Salvo ove altrimenti indicato, questo blog contiene testi originali di Adriano Ercolani e Daniele Capuano



sabato 27 agosto 2011

Pensieri del Cane


Si può tracciare una corrispondenza di massima fra le tre ipostasi neoplatoniche (più il corpo o mondo sensibile) e gli stati dell’essere del Vedanta: Hen-turiya; Nous-prajna/sushupti; Psychè-svapna; Soma-jagrata.
Psychè è il sonno con sogni: l’anima pensa/parla, è la creatrice, il demiurgo della propria conoscenza, verum est factum. Dominio del possibile-contingente. La veglia dei sensi e del corpo è la soglia, la superficie dello specchio attraverso cui l’anima veri-fica il suo sogno: l’identità di forma logica tra pensiero/proposizione e realtà (Wittgenstein) postula, per il principio degli indiscernibili, che l’oggetto sia una proiezione dell’anima, ma anche la soglia della sua epistrofè al nous, al tutto. L’impronta della necessità nel possibile – la logica – è l’impronta dell’uno-tutto attraverso la vuota categorialità di ananke. L’anima incontra se stessa nell’alterità (nel mondo, come mondo), l’anima fa se stessa nell’alterità (nel mondo, come mondo). Il nous o sonno senza sogni è la presenza dell’anima alla propria creatività, lo sguardo semplice come spazio-akasha su cui si stagliano le nuvole, le onde del sogno. Il Soggetto-punto fuori dal mondo di Wittgenstein, con cui il mondo coincide. La prospettiva si scioglie in accoglienza, in puntualità e integrità. Cancellato il punto, il nous ritorna all’indicibile pienezza dell’Uno o Zero, che si sperimenta come libertà vivente attraverso tutti i piani ontologici.
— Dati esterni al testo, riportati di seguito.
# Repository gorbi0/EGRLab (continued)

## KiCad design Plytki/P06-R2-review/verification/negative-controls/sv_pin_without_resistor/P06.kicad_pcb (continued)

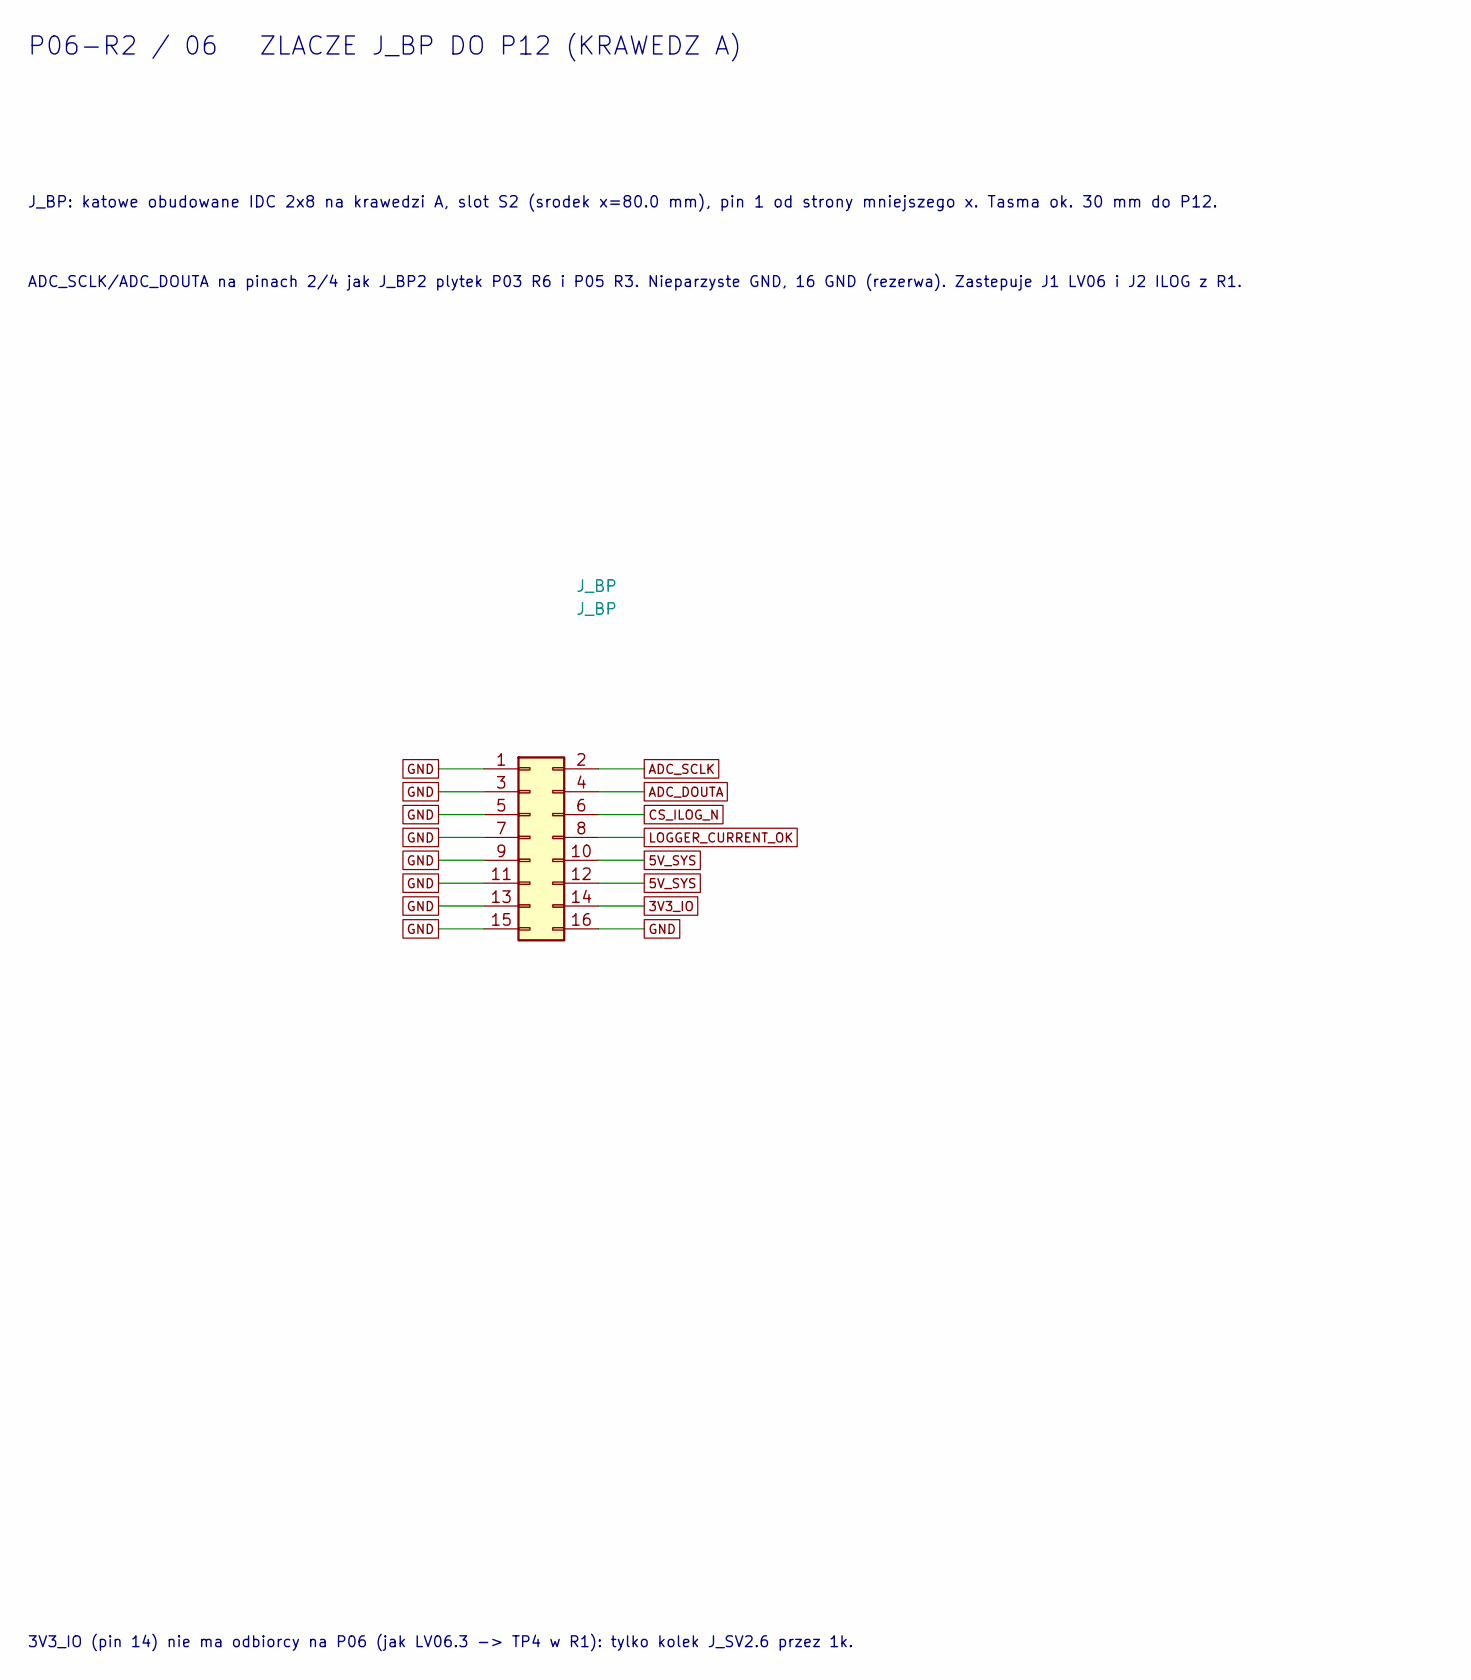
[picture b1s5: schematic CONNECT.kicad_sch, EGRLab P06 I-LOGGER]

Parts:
J_BP: J_BP; IDC-Header_2x08_P2.54mm_Horizontal; MPN IDC header 2x8 2.54mm angled shrouded, 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

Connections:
3V3_IO: J_BP.14; also elsewhere on the board
ADC_DOUTA: J_BP.4; also elsewhere on the board
ADC_SCLK: J_BP.2; also elsewhere on the board
CS_ILOG_N: J_BP.6; also elsewhere on the board
GND: J_BP.1, J_BP.3, J_BP.5, J_BP.7, J_BP.9, J_BP.11, J_BP.13, J_BP.15, J_BP.16; also elsewhere on the board
LOGGER_CURRENT_OK: J_BP.8; also elsewhere on the board

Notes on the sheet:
J_BP: katowe obudowane IDC 2x8 na krawedzi A, slot S2 (srodek x=80.0 mm), pin 1 od strony mniejszego x. Tasma ok. 30 mm do P12.
ADC_SCLK/ADC_DOUTA na pinach 2/4 jak J_BP2 plytek P03 R6 i P05 R3. Nieparzyste GND, 16 GND (rezerwa). Zastepuje J1 LV06 i J2 ILOG z R1.
3V3_IO (pin 14) nie ma odbiorcy na P06 (jak LV06.3 -> TP4 w R1): tylko kolek J_SV2.6 przez 1k.
P06-R2 / 06 ZLACZE J_BP DO P12 (KRAWEDZ A)

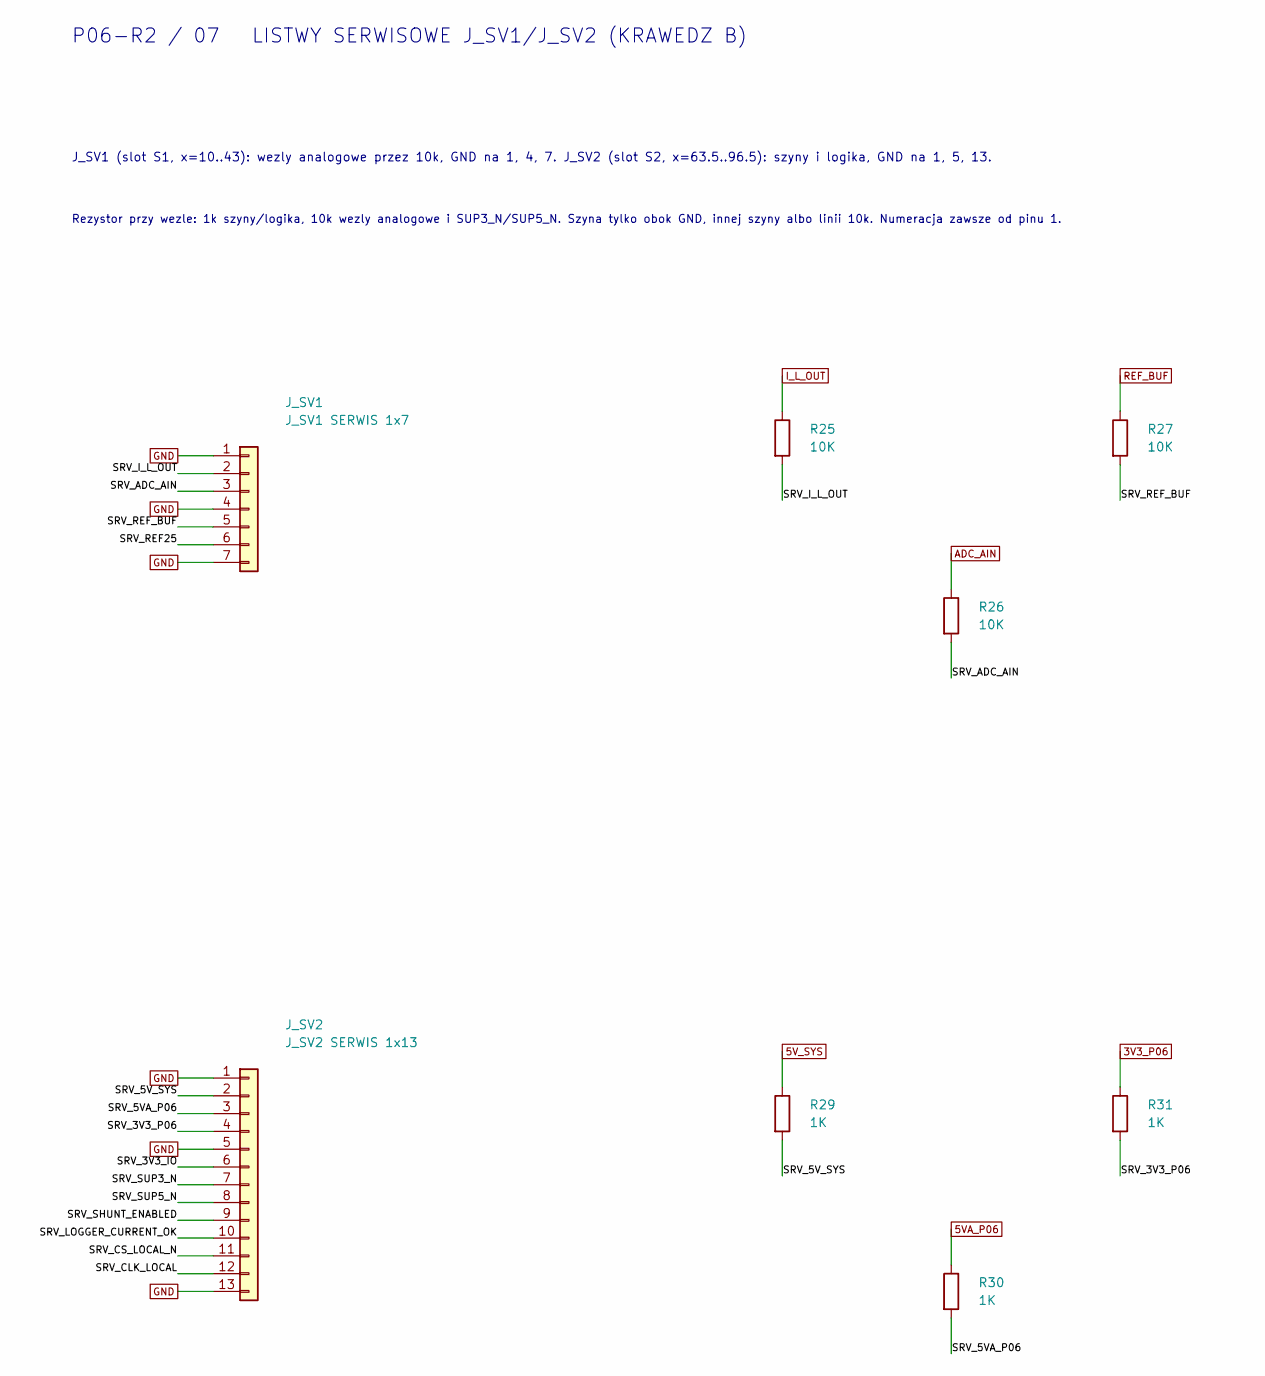
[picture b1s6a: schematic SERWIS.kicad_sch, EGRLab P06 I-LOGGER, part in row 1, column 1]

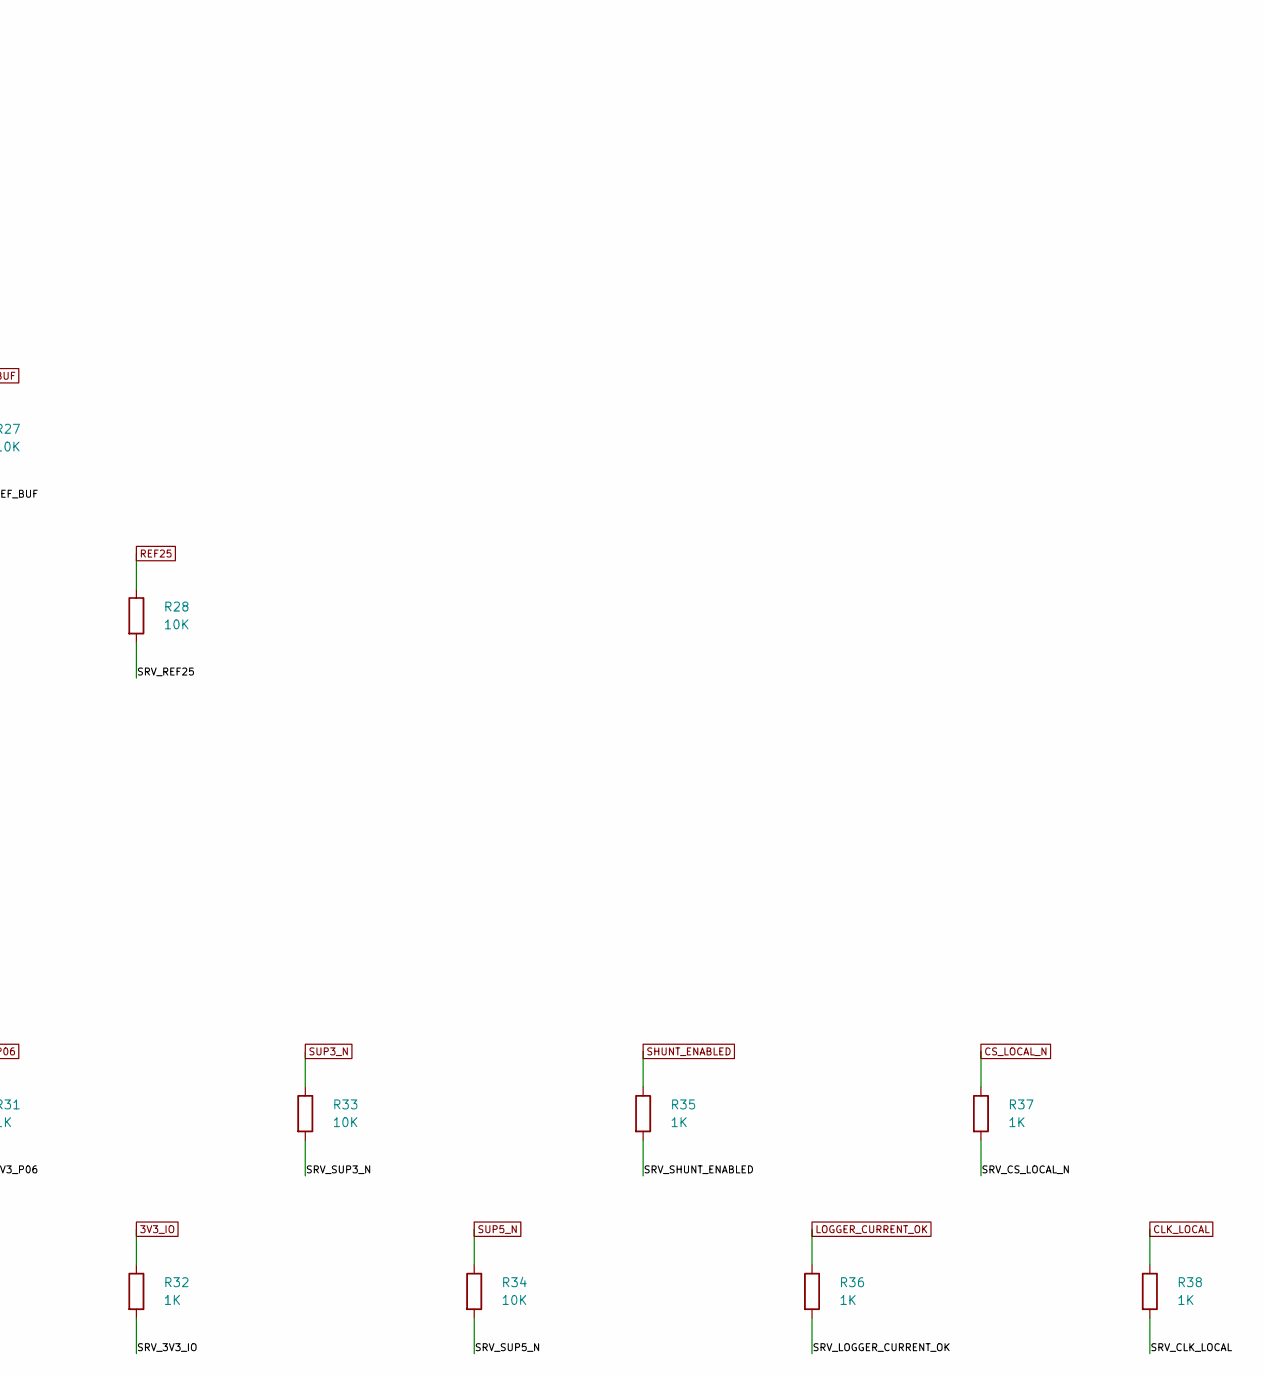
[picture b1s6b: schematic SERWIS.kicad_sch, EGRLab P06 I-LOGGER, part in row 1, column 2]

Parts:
J_SV1: J_SV1 SERWIS 1x7; PinHeader_1x07_P2.54mm_Horizontal; MPN Pin header 1x7, 2.54 mm, right angle, Au
J_SV2: J_SV2 SERWIS 1x13; PinHeader_1x13_P2.54mm_Horizontal; MPN Pin header 1x13, 2.54 mm, right angle, 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
R25, R26, R27, R28, R33, R34: 10K; R_1206_3216Metric_Pad1.30x1.75mm_HandSolder; MPN RC1206FR-0710KL
R29, R30, R31, R32, R35, R36, R37, R38: 1K; R_1206_3216Metric_Pad1.30x1.75mm_HandSolder; MPN RC1206FR-071KL

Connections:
3V3_IO: R32.1; also elsewhere on the board
3V3_P06: R31.1; also elsewhere on the board
5VA_P06: R30.1; also elsewhere on the board
/SERWIS/SRV_3V3_IO: J_SV2.6, R32.2
/SERWIS/SRV_3V3_P06: J_SV2.4, R31.2
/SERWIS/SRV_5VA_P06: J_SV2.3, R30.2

Il mondo è il mio mondo, la mia rappresentazione, il mio sogno. Il fenomeno è phainomenon, ciò che si mostra: a liberarlo dall’idealismo kantiano vale la teosofia di Ibn Arabi esposta da Corbin. Il rapporto tra rabb e marbub, tra il Signore divino e il suo servo, il suo “signoreggiato”, è alla radice del rapporto tra soggetto e oggetto: lo sono entrambi, reciprocamente. Il rabb è uno dei Nomi divini, un possibile che si conosce (si epifanizza) e si realizza nell’esistenza individuale del marbub. Così il servo e il suo Dio, la creatura e il creatore, l’uomo e il suo archetipo celeste, la psychè e il nous, congiunti nella presenza (khudur), accedono all’Uno, all’Essenza-Identità divina o Dhat: passano dal sogno al reale attraverso l’atto intellettivo e l’atto della fede-assenso. L’esistenza, il reale è l’Uno, il nesso uni-fico dei Signori e dei signoreggiati. Così il tajalli, la teofania del Reale, identificando conoscenza e manifestazione, dà il giusto spessore metafisico al “fenomeno”. Il mundus imaginalis (alam al-mithal) o “mondo della similitudine”, della metafora, è la retta “spiegazione” della methexis platonica, la “partecipazione” del mondo sensibile al mondo intelligibile, altrimenti – per la ragione – aporetica (si veda il Parmenide). L’immaginazione realizza il nafas al-Rahman, il “soffio del Misericordioso” che dà origine alla creazione-teofania: è maya creatrice, sintesi di uno e molti, “volontà” che fonda il fenomeno-manifestazione, il phainomenon (e in cui è sia la misericordia che l’eros, il kama dell’Inno rigvedico, l’hubb o amore del hadith musulmano e l’agape cristiana, il quia voluit di Agostino che Illich rende con “porqué tenia ganas”: il Femminile archetipico, l’Alterità che ferisce/apre e fonda l’Identità).

Dobbiamo vivere come se al mondo esistessimo solo noi e il nostro Dio, diceva Teresa, citata a suo modo da Leibniz a proposito dell’autonomia microcosmica della monade: è vero, ma il mio Dio manifesta a me, in me, per me il Dio degli dei, il nous, e nel nous l’Uno.